The number of gun arrests conducted by the NYPD has been the highest since stats began being recorded. Much higher than any time under Guiliani or Bloomberg. That doesn't sound like "doing nothing" to me. 

https://www.nydailynews.com/new-york/nyc-crime/ny-cops-make-more-than-400-gun-arrests-this-year-20210127-vy5qsjmsyjeizpxc4ckcs27mna-story.html

Yes, we still clearly have issues with police accountability, I'll give you that. However, allowing people caught carrying guns to simply "go free" is not part of the solution. 

As far as the abolish police mindset goes, here's Tiffany Caban who was a few thousand votes away from being Queens DA and now running for City Council in her own words:

“My goal at the end of the day is to ultimately get to a place where we are no longer funding police – period,” she told the Queens Post. “That is not going to happen tomorrow, that is not going to happen next year, but it’s important to have that goal in mind — understanding that there is no connection between police and public safety and we have to stop pretending that there is.”
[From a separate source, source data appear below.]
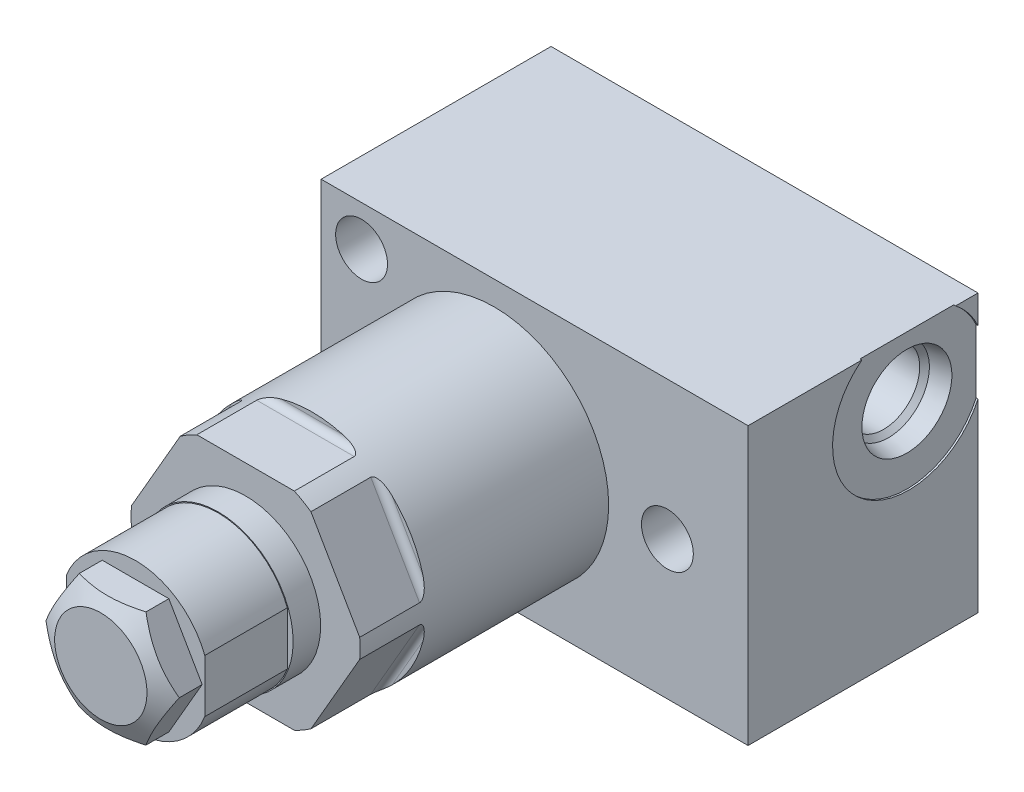
SolidWorks part; units mm, degrees
material "Alloy Steel"
ref_plane "Front" through (0, 0, 0) normal (0, 0, 1) x (1, 0, 0)
ref_plane "Top" through (0, 0, 0) normal (0, 1, 0) x (1, 0, 0)
ref_plane "Right" through (0, 0, 0) normal (1, 0, 0) x (0, 0, -1)
ref_plane "Plane1" through (0, 0, 0) normal (0, 0, 1) x (1, 0, 0)
ref_plane "Plane2" through (0, 0, 0) normal (0, 0, 1) x (1, 0, 0)
sketch "Sketch1" plane through (0, 0, 0) normal (0, 0, 1) x (1, 0, 0)
  circle A0 centre (0, 0) radius 15.748
  dimension "D1" = 31.496
extrude "Extrude1" add sketch "Sketch1" along normal blind 55.1434
ref_plane "Plane3" through (0, 0, 0) normal (1, 0, 0) x (0, 0, 1)
sketch "Sketch2" plane through (0, 0, 0) normal (1, 0, 0) x (0, 0, 1)
  line L0 (45.9994, 15.748) -> (45.9994, 15.1638)
  line L1 (46.9138, 14.2494) -> (55.1434, 14.2494)
  line L2 (45.6692, 0) -> (55.7276, 0) construction
  line L3 (55.1434, -15.748) -> (55.1434, 15.748) construction
  line L4 (45.9994, 15.748) -> (55.1434, 15.748)
  line L5 (55.1434, 15.748) -> (55.1434, 14.2494)
  arc A0 (45.9994, 15.1638) -> (46.9138, 14.2494) centre (46.9138, 15.1638) ccw
  dimension "D2" = 0.9144
  dimension "D1" = 28.4988
  dimension "D3" = 9.144
extrude "Cut-Extrude1" cut sketch "Sketch2" against normal mid plane 37.7952
ref_plane "Plane13" through (0, 0, 0) normal (1, 0, 0) x (0, 0, 1)
sketch "Sketch10" plane through (0, 0, 0) normal (1, 0, 0) x (0, 0, 1)
  line L0 (0, 14.8717) -> (7.7978, 14.8717)
  line L1 (7.7978, 14.8717) -> (8.6741, 15.748)
  line L2 (8.6741, 15.748) -> (0, 15.748)
  line L3 (0, 15.748) -> (0, 14.8717)
  line L4 (-0.4337, 0) -> (9.1078, 0) construction
  line L5 (45.9994, 15.748) -> (0, 15.748) construction
  line L6 (0, 15.748) -> (0, -15.748) construction
  dimension "D1" = 29.7434
  dimension "D2" = 45
  dimension "D3" = 7.7978
revolve "Cut-Revolve1" cut sketch "Sketch10" angle 360 about L4
ref_plane "Plane14" through (0, 0, 0) normal (1, 0, 0) x (0, 0, -1)
sketch "Sketch11" plane through (0, 0, 0) normal (1, 0, 0) x (0, 0, -1)
  line L0 (-55.1434, 0) -> (-70.2818, 0)
  line L1 (-70.2818, 0) -> (-70.2818, 10.3251)
  line L2 (-70.2818, 10.3251) -> (-55.1434, 10.3251)
  line L3 (-55.1434, 10.3251) -> (-55.1434, 0)
  line L4 (-71.1543, 0) -> (-36.7188, 0) construction
  line L5 (-55.1434, 15.748) -> (-55.1434, -14.2494) construction
  dimension "D1" = 20.6502
  dimension "D2" = 15.1384
revolve "Revolve1" add sketch "Sketch11" angle 360 about L4
ref_plane "Plane17" through (0, 0, 59.055) normal (0, 0, -1) x (0, 1, 0)
sketch "Sketch14" plane through (0, 0, 70.2818) normal (0, 0, -1) x (0, 1, 0)
  line L0 (-3.9852, 9.525) -> (3.9852, 9.525)
  line L1 (-3.9852, -9.525) -> (3.9852, -9.525)
  line L2 (-11.3576, 0) -> (11.3576, 0) construction
  arc A0 (3.9852, 9.525) -> (-3.9852, 9.525) centre (0, 0) ccw
  arc A1 (-3.9852, -9.525) -> (3.9852, -9.525) centre (0, 0) ccw
  dimension "D2" = 10.3251
  dimension "D1" = 19.05
extrude "Cut-Extrude10" cut sketch "Sketch14" along normal blind 11.3538
sketch "Sketch15" plane through (0, 0, 70.2818) normal (0, 0, 1) x (1, 0, 0)
  line L0 (-4.5827, 7.9375) -> (4.5827, 7.9375)
  line L1 (4.5827, 7.9375) -> (9.1654, 0)
  line L2 (9.1654, 0) -> (4.5827, -7.9375)
  line L3 (4.5827, -7.9375) -> (-4.5827, -7.9375)
  line L4 (-4.5827, -7.9375) -> (-9.1654, 0)
  line L5 (-9.1654, 0) -> (-4.5827, 7.9375)
  line L6 (-10.082, 0) -> (10.082, 0) construction
  dimension "D1" = 15.875
extrude "Extrude2" add sketch "Sketch15" along normal blind 4.7752
ref_plane "Plane18" through (0, 0, 0) normal (0, 1, 0) x (1, 0, 0)
sketch "Sketch16" plane through (0, 0, 0) normal (0, 1, 0) x (1, 0, 0)
  line L0 (6.35, -75.057) -> (9.1654, -73.4315)
  line L1 (0, -75.2653) -> (0, -73.4772) construction
  line L2 (9.1654, -73.4315) -> (9.1654, -75.057)
  line L3 (9.1654, -75.057) -> (6.35, -75.057)
  dimension "D1" = 30
  dimension "D2" = 12.7
revolve "Cut-Revolve3" cut sketch "Sketch16" angle 360 about L1
ref_plane "Plane19" through (0, 0, 0) normal (0, 1, 0) x (-1, 0, 0)
sketch "Sketch17" plane through (0, 0, 0) normal (0, 1, 0) x (-1, 0, 0)
  line L0 (-34.925, -10.668) -> (23.7998, -10.668)
  line L1 (23.7998, -10.668) -> (23.7998, 20.955)
  line L2 (23.7998, 20.955) -> (-34.925, 20.955)
  line L3 (-34.925, 20.955) -> (-34.925, -10.668)
  line L4 (-14.8717, 0) -> (14.8717, 0) construction
  dimension "D1" = 10.668
  dimension "D2" = 31.623
  dimension "D3" = 58.7248
  dimension "D4" = 23.7998
extrude "Extrude4" add sketch "Sketch17" along normal mid plane 38.1
ref_plane "Plane21" through (34.925, -19.05, 0) normal (1, 0, 0) x (0, 1, 0)
sketch "Sketch19" plane through (34.925, -19.05, 0) normal (1, 0, 0) x (0, 1, 0)
  line L0 (38.1, -10.668) -> (0, -10.668) construction
  circle A0 centre (29.845, -1.143) radius 10.4775
  dimension "D1" = 20.955
  dimension "D2" = 9.525
  dimension "D3" = 10.795
extrude "Cut-Extrude12" cut sketch "Sketch19" against normal blind 0.254
ref_plane "Plane22" through (34.671, 10.795, -1.143) normal (0, 0, 1) x (0, -1, 0)
sketch "S2D0001" plane through (34.671, 10.795, -1.143) normal (0, 0, 1) x (0, -1, 0)
  line L0 (0, 0) -> (6.1849, 0)
  line L1 (6.1849, 0) -> (5.6423, -2.5527)
  line L2 (5.6423, -2.5527) -> (4.9784, -3.2166)
  line L3 (4.9784, -3.2166) -> (4.9784, -17.272)
  line L4 (4.9784, -17.272) -> (0, -17.272)
  line L5 (0, -17.272) -> (0, 0)
  line L6 (0, -18.1356) -> (0, 0.8636) construction
  dimension "D1" = 17.272
revolve "Cut-Revolve4" cut sketch "S2D0001" angle 360 about L6
ref_plane "Plane23" through (0, 0, -9.3293) normal (0, 1, 0) x (-1, 0, 0)
sketch "Sketch21" plane through (0, 0, -9.3293) normal (0, 1, 0) x (-1, 0, 0)
  line L0 (0, -1.3387) -> (7.9375, -1.3387)
  line L1 (7.9375, -1.3387) -> (7.9375, 1.3283)
  line L2 (7.9375, 1.3283) -> (3.4544, 1.3283)
  line L3 (3.4544, 1.3283) -> (3.4544, 13.3933)
  line L4 (3.4544, 13.3933) -> (0, 15.4689)
  line L5 (0, 15.4689) -> (0, -1.3387)
  line L6 (0, -2.1791) -> (0, 16.3093) construction
revolve "Cut-Revolve5" cut sketch "Sketch21" angle 360 about L6
ref_plane "Plane24" through (0, 0, -9.3293) normal (0, 1, 0) x (-1, 0, 0)
sketch "Sketch22" plane through (0, 0, -9.3293) normal (0, 1, 0) x (-1, 0, 0)
  line L0 (0, -1.472) -> (0, 1.4617) construction
  circle A0 centre (-6.604, -0.0052) radius 1.3335
revolve "Revolve2" add sketch "Sketch22" angle 360 about L0
pattern_circular "CirPattern2" count 6 over 360 about axis through (0, 0, 0) along (0, 0, 1) of "Cut-Extrude1"
hole_wizard "Hole1" positions "Sketch24" profile "Sketch23" legacy end condition up to next
sketch "Sketch24" plane through (0, 0, 20.955) normal (0, 0, 1) x (1, 0, 0)
  line L0 (0, 0) -> (26.6789, 0) construction
  point P0 (-18.2626, -13.4874)
  point P6 (23.8252, 0)
  point P10 (-18.2372, 13.4874)
  dimension "D1" = 23.8252
  dimension "D2" = 13.4874
  dimension "D3" = 18.2626
  dimension "D4" = 18.2372
  dimension "D5" = 26.9748
sketch "Sketch23" plane through (-18.2626, -13.4874, 20.955) normal (1, 0, 0) x (0, -1, 0)
  line L0 (0, 0) -> (0, 31.623)
  line L1 (0, 31.623) -> (3.5687, 31.623)
  line L2 (3.5687, 31.623) -> (3.5687, 0)
  line L3 (3.5687, 0) -> (0, 0)
  line L4 (0, 110) -> (0, -10) construction
  dimension "Diameter" = 7.1374
  dimension "Depth" = 31.623
sketch "Sketch25" plane through (0, 0, 0) normal (1, 0, 0) x (0, 0, -1)
  line L0 (10.668, 0) -> (-75.057, 0) construction
  line L1 (50, 0) -> (-50, 0) construction
  line L2 (10.668, 6.4301) -> (10.668, -19.05) construction
  line L3 (-75.057, 6.35) -> (-75.057, -6.35) construction
  line L4 (-70.2818, 10.1981) -> (-58.928, 10.1981)
  line L5 (-70.2818, 10.3251) -> (-70.2818, 3.9852) construction
  line L6 (-58.928, 10.1981) -> (-58.928, 10.3251)
  line L7 (-55.1434, 10.3251) -> (-70.2818, 10.3251) construction
  line L8 (-58.928, 10.3251) -> (-70.2818, 10.3251)
  line L9 (-70.2818, 10.3251) -> (-70.2818, 10.1981)
  dimension "D1" = 11.3538
  dimension "D2" = 20.3962
revolve "Cut-Revolve6" cut sketch "Sketch25" angle 360 about L0

https://jacksonheightspost.com/tiffany-caban-unveils-plan-to-scale-back-the-nypd-through-introduction-of-community-based-measures

Her views aren't some radical fringe. This has been bedrock thinking for Legal Aid, ACLU, activist circles for a while now and George Floyd only made it possible to start to say this openly.

 

Yup, and so she will be the first one yelling the cops aren't doing their jobs, but she wants to make it more difficult for them to do their jobs. There's a difference between making changes and going bonkers. Law and order being lost because of the weak laws on the books.